Down to the last word, output the records below, skipping any images.

+++ Source information +++

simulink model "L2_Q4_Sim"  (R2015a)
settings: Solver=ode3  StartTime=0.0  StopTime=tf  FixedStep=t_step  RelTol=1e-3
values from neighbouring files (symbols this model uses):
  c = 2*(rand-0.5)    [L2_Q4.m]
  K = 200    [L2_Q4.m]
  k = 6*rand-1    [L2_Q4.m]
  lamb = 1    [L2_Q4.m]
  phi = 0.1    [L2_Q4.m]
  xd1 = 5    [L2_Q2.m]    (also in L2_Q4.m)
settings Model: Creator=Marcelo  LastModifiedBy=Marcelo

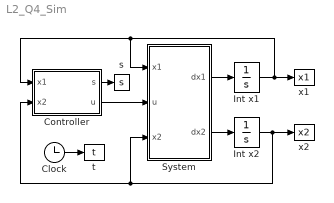
== system L2_Q4_Sim ==
  Clock : Clock
  Controller : MATLAB Function  TreatAsAtomicUnit=on
  Int x1 : Integrator
  Int x2 : Integrator
  System : MATLAB Function  TreatAsAtomicUnit=on
  s : ToWorkspace  VariableName=s  SampleTime=-1
  t : ToWorkspace  VariableName=t  SampleTime=-1
  x1 : ToWorkspace  VariableName=x1  SampleTime=-1
  x2 : ToWorkspace  VariableName=x2  SampleTime=-1
  wires:
  Clock/1 -> t/1
  Int x2/1 -> Controller/2(x2), System/3(x2), x2/1
  Int x1/1 -> System/1(x1), Controller/1(x1), x1/1
  System/2(dx2) -> Int x2/1
  System/1(dx1) -> Int x1/1
  Controller/2(u) -> System/2(u)
  Controller/1(s) -> s/1

== matlab function L2_Q4_Sim/System ==
  data: x1 input; u input; dx1 output; dx2 output; x2 input; c parameter; k parameter
function [dx1, dx2] = fcn(x1, u, x2, c, k)
dx1 = x2;
dx2 = u - c*abs(x1)*x2^2 - k*x1^3*cos(2*x1);

== matlab function L2_Q4_Sim/Controller ==
  data: s output; u output; x1 input; x2 input; xd1 parameter; lamb parameter; phi parameter; K parameter
function [s,u] = fcn(x1, x2, xd1, lamb, phi, K)
u_hat = 2*x1^3*cos(2*x1) - lamb*x2;
s = x2 + lamb * (x1 - xd1);
sat_s = min(1, max(-1, s/phi));
u = u_hat - K * sat_s;

+++

▶ **Answer box**:
simulink model "L2_Q4_Sim"  (R2015a)
settings: Solver=ode3  StartTime=0.0  StopTime=tf  FixedStep=t_step  RelTol=1e-3
values from neighbouring files (symbols this model uses):
  c = 2*(rand-0.5)    [L2_Q4.m]
  K = 200    [L2_Q4.m]
  k = 6*rand-1    [L2_Q4.m]
  lamb = 1    [L2_Q4.m]
  phi = 0.1    [L2_Q4.m]
  xd1 = 5    [L2_Q2.m]    (also in L2_Q4.m)
settings Model: Creator=Marcelo  LastModifiedBy=Marcelo

== system L2_Q4_Sim ==
  Clock : Clock
  Controller : MATLAB Function  TreatAsAtomicUnit=on
  Int x1 : Integrator
  Int x2 : Integrator
  System : MATLAB Function  TreatAsAtomicUnit=on
  s : ToWorkspace  VariableName=s  SampleTime=-1
  t : ToWorkspace  VariableName=t  SampleTime=-1
  x1 : ToWorkspace  VariableName=x1  SampleTime=-1
  x2 : ToWorkspace  VariableName=x2  SampleTime=-1
  wires:
  Clock/1 -> t/1
  Int x2/1 -> Controller/2(x2), System/3(x2), x2/1
  Int x1/1 -> System/1(x1), Controller/1(x1), x1/1
  System/2(dx2) -> Int x2/1
  System/1(dx1) -> Int x1/1
  Controller/2(u) -> System/2(u)
  Controller/1(s) -> s/1

== matlab function L2_Q4_Sim/System ==
  data: x1 input; u input; dx1 output; dx2 output; x2 input; c parameter; k parameter
function [dx1, dx2] = fcn(x1, u, x2, c, k)
dx1 = x2;
dx2 = u - c*abs(x1)*x2^2 - k*x1^3*cos(2*x1);

== matlab function L2_Q4_Sim/Controller ==
  data: s output; u output; x1 input; x2 input; xd1 parameter; lamb parameter; phi parameter; K parameter
function [s,u] = fcn(x1, x2, xd1, lamb, phi, K)
u_hat = 2*x1^3*cos(2*x1) - lamb*x2;
s = x2 + lamb * (x1 - xd1);
sat_s = min(1, max(-1, s/phi));
u = u_hat - K * sat_s;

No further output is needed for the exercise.